En 2021: Réussir sa vie, est-ce réussir ses week-ends?


Les images défilent sans fin sur mon écran. Il est 22 heures et je scrolle frénétiquement Instagram en regardant la vie des autres au lieu de vaquer à mes occupations. Ici la visite de l’expo de peinture à la mode, là le dernier cours de yoga tendance, bien évidemment, instagrammable. Plus loin les vacances en famille au pas de course, aussi reposantes qu’un doux bruit de machine à laver lancée en pleine vitesse en mode essorage lorsqu’une chaussette égarée s’est malencontreusement coincée dans le joint du hublot.

Tout à coup, c’est devenu évident.

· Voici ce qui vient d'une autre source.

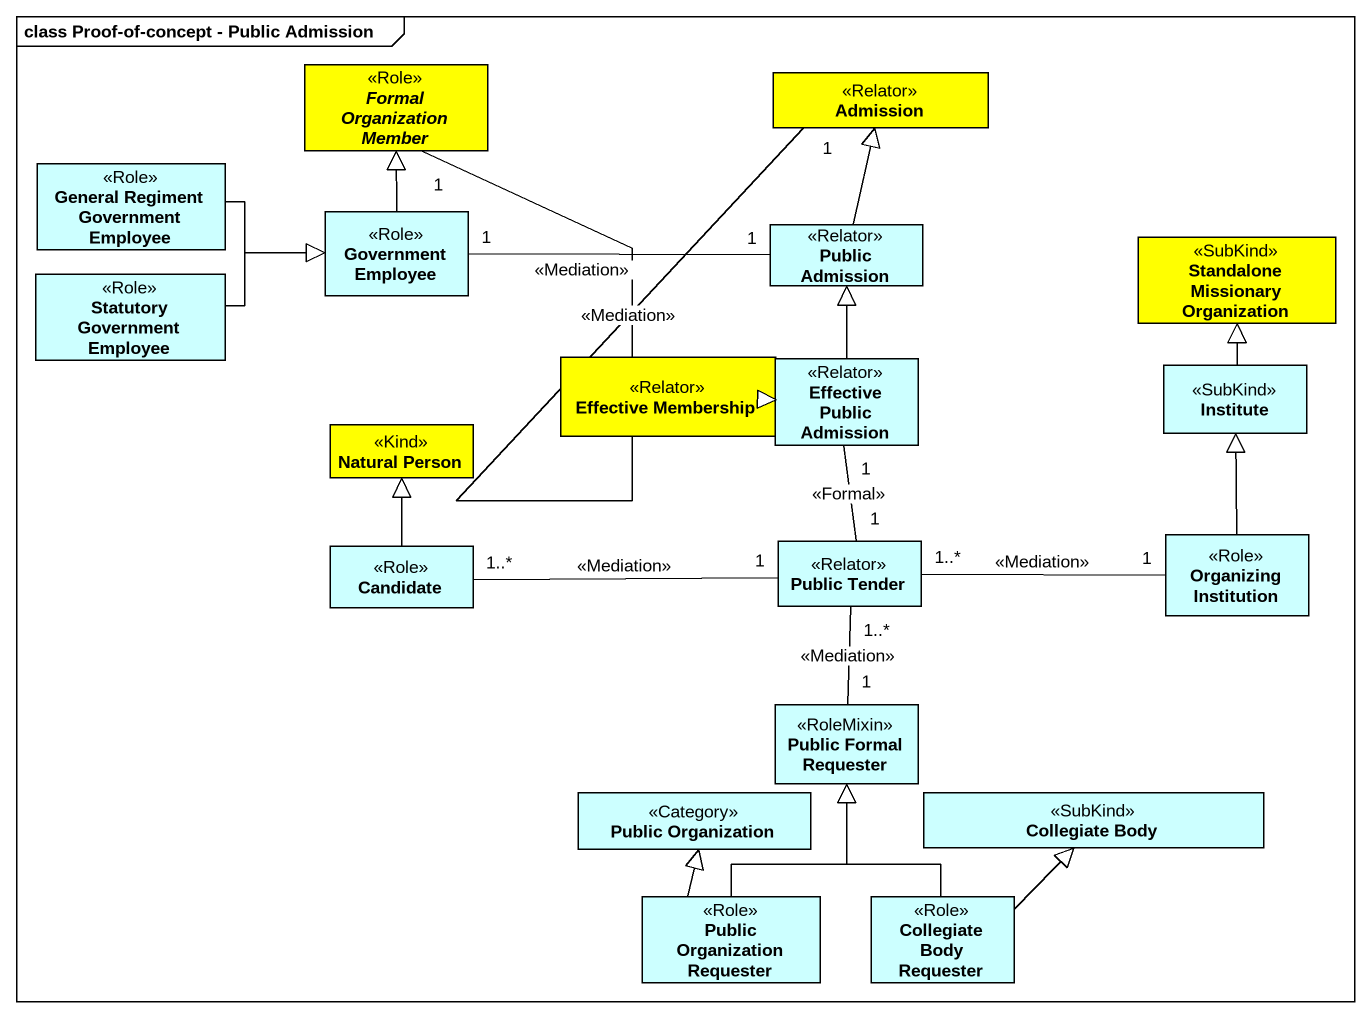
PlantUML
@startuml
mainframe class Proof-of-concept - Public Admission
hide circle
hide empty members
abstract class "Formal Organization Member" as Formal_Organization_Member <<Role>> #FFFF00
class Admission <<Relator>> #FFFF00
class "General Regiment Government Employee" as General_Regiment_Government <<Role>> #CCFFFF
class "Government Employee" as Government_Employee <<Role>> #CCFFFF
class "Statutory Government Employee" as Statutory_Government <<Role>> #CCFFFF
class "Public Admission" as Public_Admission <<Relator>> #CCFFFF
class "Standalone Missionary Organization" as Standalone_Missionary <<SubKind>> #FFFF00
class "Effective Membership" as Effective_Membership <<Relator>> #FFFF00
class "Effective Public Admission" as Effective_Public_Admission <<Relator>> #CCFFFF
class "Natural Person" as Natural_Person <<Kind>> #FFFF00
class Institute <<SubKind>> #CCFFFF
class Candidate <<Role>> #CCFFFF
class "Public Tender" as Public_Tender <<Relator>> #CCFFFF
class "Organizing Institution" as Organizing_Institution <<Role>> #CCFFFF
class "Public Formal Requester" as Public_Formal_Requester <<RoleMixin>> #CCFFFF
class "Public Organization" as Public_Organization <<Category>> #CCFFFF
class "Collegiate Body" as Collegiate_Body <<SubKind>> #CCFFFF
class "Public Organization Requester" as Public_Organization_2 <<Role>> #CCFFFF
class "Collegiate Body Requester" as Collegiate_Body_Requester <<Role>> #CCFFFF
Admission "1" -left- "1" Formal_Organization_Member : <<Mediation>>
General_Regiment_Government -right-|> Government_Employee
Government_Employee -up-|> Formal_Organization_Member
Statutory_Government -right-|> Government_Employee
Public_Admission -up-|> Admission
Public_Admission "1" -left- "1" Government_Employee : <<Mediation>>
Effective_Public_Admission -up-|> Public_Admission
Effective_Public_Admission -left-|> Effective_Membership
Effective_Public_Admission "1" -- "1" Public_Tender : <<Formal>>
Institute -up-|> Standalone_Missionary
Candidate -up-|> Natural_Person
Candidate "1..*" -right- "1" Public_Tender : <<Mediation>>
Public_Tender "1..*" -right- "1" Organizing_Institution : <<Mediation>>
Organizing_Institution -up-|> Institute
Public_Formal_Requester "1" -up- "1..*" Public_Tender : <<Mediation>>
Public_Organization_2 -up-|> Public_Formal_Requester
Public_Organization_2 -up-|> Public_Organization
Collegiate_Body_Requester -up-|> Public_Formal_Requester
Collegiate_Body_Requester -up-|> Collegiate_Body
@enduml
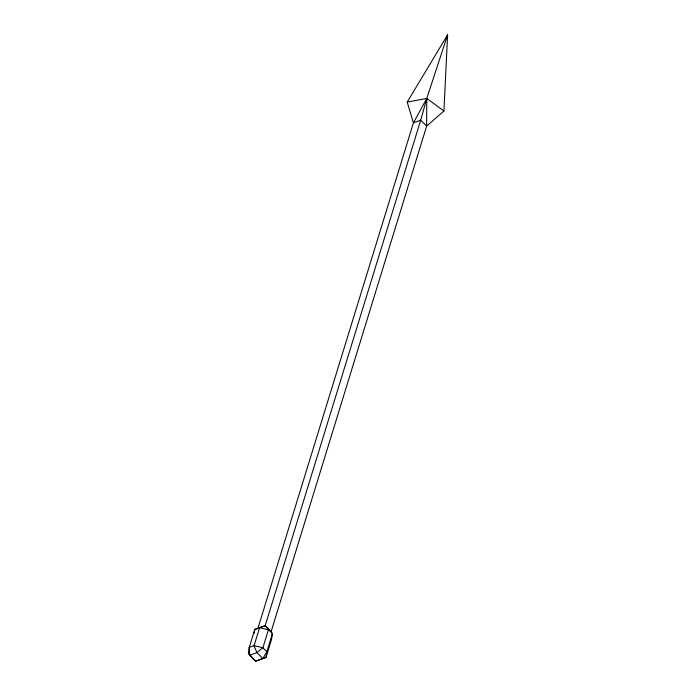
<?xml version="1.0" encoding="UTF-8"?>
<svg xmlns="http://www.w3.org/2000/svg" width="696" height="696" viewBox="0 0 696 696"><rect width="100%" height="100%" fill="white"/><g stroke="black" fill="none" stroke-linecap="round" stroke-linejoin="round"><path stroke-width="1.04" d="M271.127 631.603L426.648 126.098L443.918 111.021L447.624 34.8L407.195 102.086L413.424 122.879L257.911 628.384L254.762 629.471L249.246 647.402L248.376 653.135L249.629 655.293L255.589 661.2L266.002 657.424L271.518 639.485L272.388 633.76L271.127 631.603L265.167 625.695L420.689 120.191L426.779 98.432L447.624 34.8L447.023 36.871M254.179 633.29L254.762 629.471L265.167 625.695L272.388 633.76L266.873 651.691L266.002 657.424L255.589 661.2L248.376 653.135M259.599 627.67L254.084 645.61L256.894 652.604L262.853 658.512L266.873 651.691L262.897 647.758L254.084 645.61L249.246 647.402L249.629 655.293L256.894 652.604L262.897 647.758L268.412 629.819L259.599 627.67L265.167 625.695M407.195 102.086L426.779 98.432L443.918 111.021M271.423 637.519L271.518 639.485M426.779 98.432L426.648 126.098L420.689 120.191L413.424 122.879L426.779 98.432"/></g></svg>
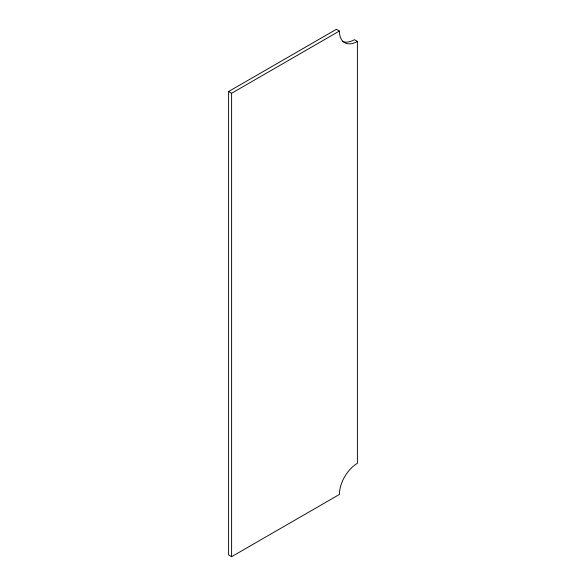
<?xml version="1.0" encoding="UTF-8"?>
<svg xmlns="http://www.w3.org/2000/svg" width="586" height="586" viewBox="0 0 586 586"><rect width="100%" height="100%" fill="white"/><g stroke="black" fill="none" stroke-linecap="round" stroke-linejoin="round"><path stroke-width="0.88" d="M228.599 91.541L336.401 29.3L339.404 31.029A25.454 14.694 -60 0 0 357.401 41.423L357.401 463.292A25.454 14.694 -60 0 0 339.404 494.459L231.602 556.7L228.599 554.971L228.599 91.541L231.602 93.269L339.404 31.029M357.401 41.423L354.398 39.694A25.454 14.694 -60 0 1 342.4 41.32M231.602 93.269L231.602 556.7"/></g></svg>

L’ambition a changé de camp.

Là où l’on aspirait gravir les échelons, avoir un poste clinquant avec un titre aussi bling bling que les pacotilles qu’on voit partout en ce moment au cou des influenceuses, ces nouvelles ménagères de moins de 50 ans, désormais on privilégie la réussite personnelle. Jusque-là, rien de neuf vous allez me dire. Les reconversions des directeurs artistiques en fromagers sont légion. Et « votre » caviste a fait HEC. Mais ce qui est étonnant c’est que dorénavant, ces mêmes codes des années 80 sont appliqués à notre vie personnelle, sommée d’être palpitante tout le temps et tous les jours, là où finalement notre job occupe la place laissée par la vie personnelle d’avant. Au second plan.

 

 

Notre vie personnelle est sommée d’être palpitante tout le temps et tous les jours, là où finalement notre job occupe la place laissée par la vie personnelle d’avant

 

Alors qu’avant on voulait tout mener de front, comme un équilibriste qui aurait un peu abusé de mojitos lors d’un happy hour à la sortie du bureau, désormais on surinvestit la sphère personnelle au point de vouloir devenir son propre « Chief Happiness Manager », ce salarié à qui incombe la mission d’assurer le bonheur au travail de ses collègues afin de s’assurer de leur productivité. Nous sommes entrés dans l’ère de la startupisation de notre vie privée, pour gérer nos amis en mode agile en leur pitchant une proposition de verre ou en essayant de disrupter le brunch dominical afin qu’il devienne scalable. Lorsqu’il est question de caler un dîner, nous ne sommes pas loin de nous lancer dans la réalisation d’un diagramme de Gantt afin de gérer la réservation mais aussi de synchroniser les emplois du temps de tous. Le tout en essayant de faire du lean management avec nos enfants pour les transférer à la business unit des grands-parents

Nous n’en oublions pas pour autant le strass et les paillettes, comme les projecteurs habillent de lumières les keynotes. Car cette nouvelle ère show-off se décline aujourd’hui verticalement, en stories. Des hôtels pour travailler, aux restos ou vernissages « où il faut aller », à cette salle de sport, symbole de la réussite sociale que l’on s’empresse d’afficher, en passant par cette vie de maman qui se veut parfaite et menée tambour battant comme un projet sur slack avec rétro planning et échéanciers sur trois mois, voyages et sorties familiales. Là où l’on voulait tout en même temps (le job et la vie perso, les deux), la vie privée tend désormais à l’emporter. Au moins sur les réseaux hors LinkedIn

 

Finalement, c’est un nouveau modèle de réussite qui se substitue au précédent. Et notre vie personnelle est devenue aussi caricaturale que les symboles de réussite professionnelle des années 80

 

Peu importe le travail exercé, il peut rester dans l’ombre s’il n’est pas source d’admiration, ce qui compte n’est pas tant ce que vous faites que la manière dont vous investissez votre temps libre. Et à ce titre, pas question d’être relégués en seconde ligue dans cette folle course aux égos. Ce temps vacant est devenu un fulltime job, interdiction de « sortir du game » d’Instagram sous peine de déclassement “social.

Finalement, c’est un nouveau modèle de réussite qui se substitue au précédent. Et notre vie personnelle est devenue aussi caricaturale que les symboles de réussite professionnelle des années 80. Il serait peut-être temps de repartir à la conquête de notre temps libre avec pour seule et unique ambition de nous… reposer… Disruptif, je sais.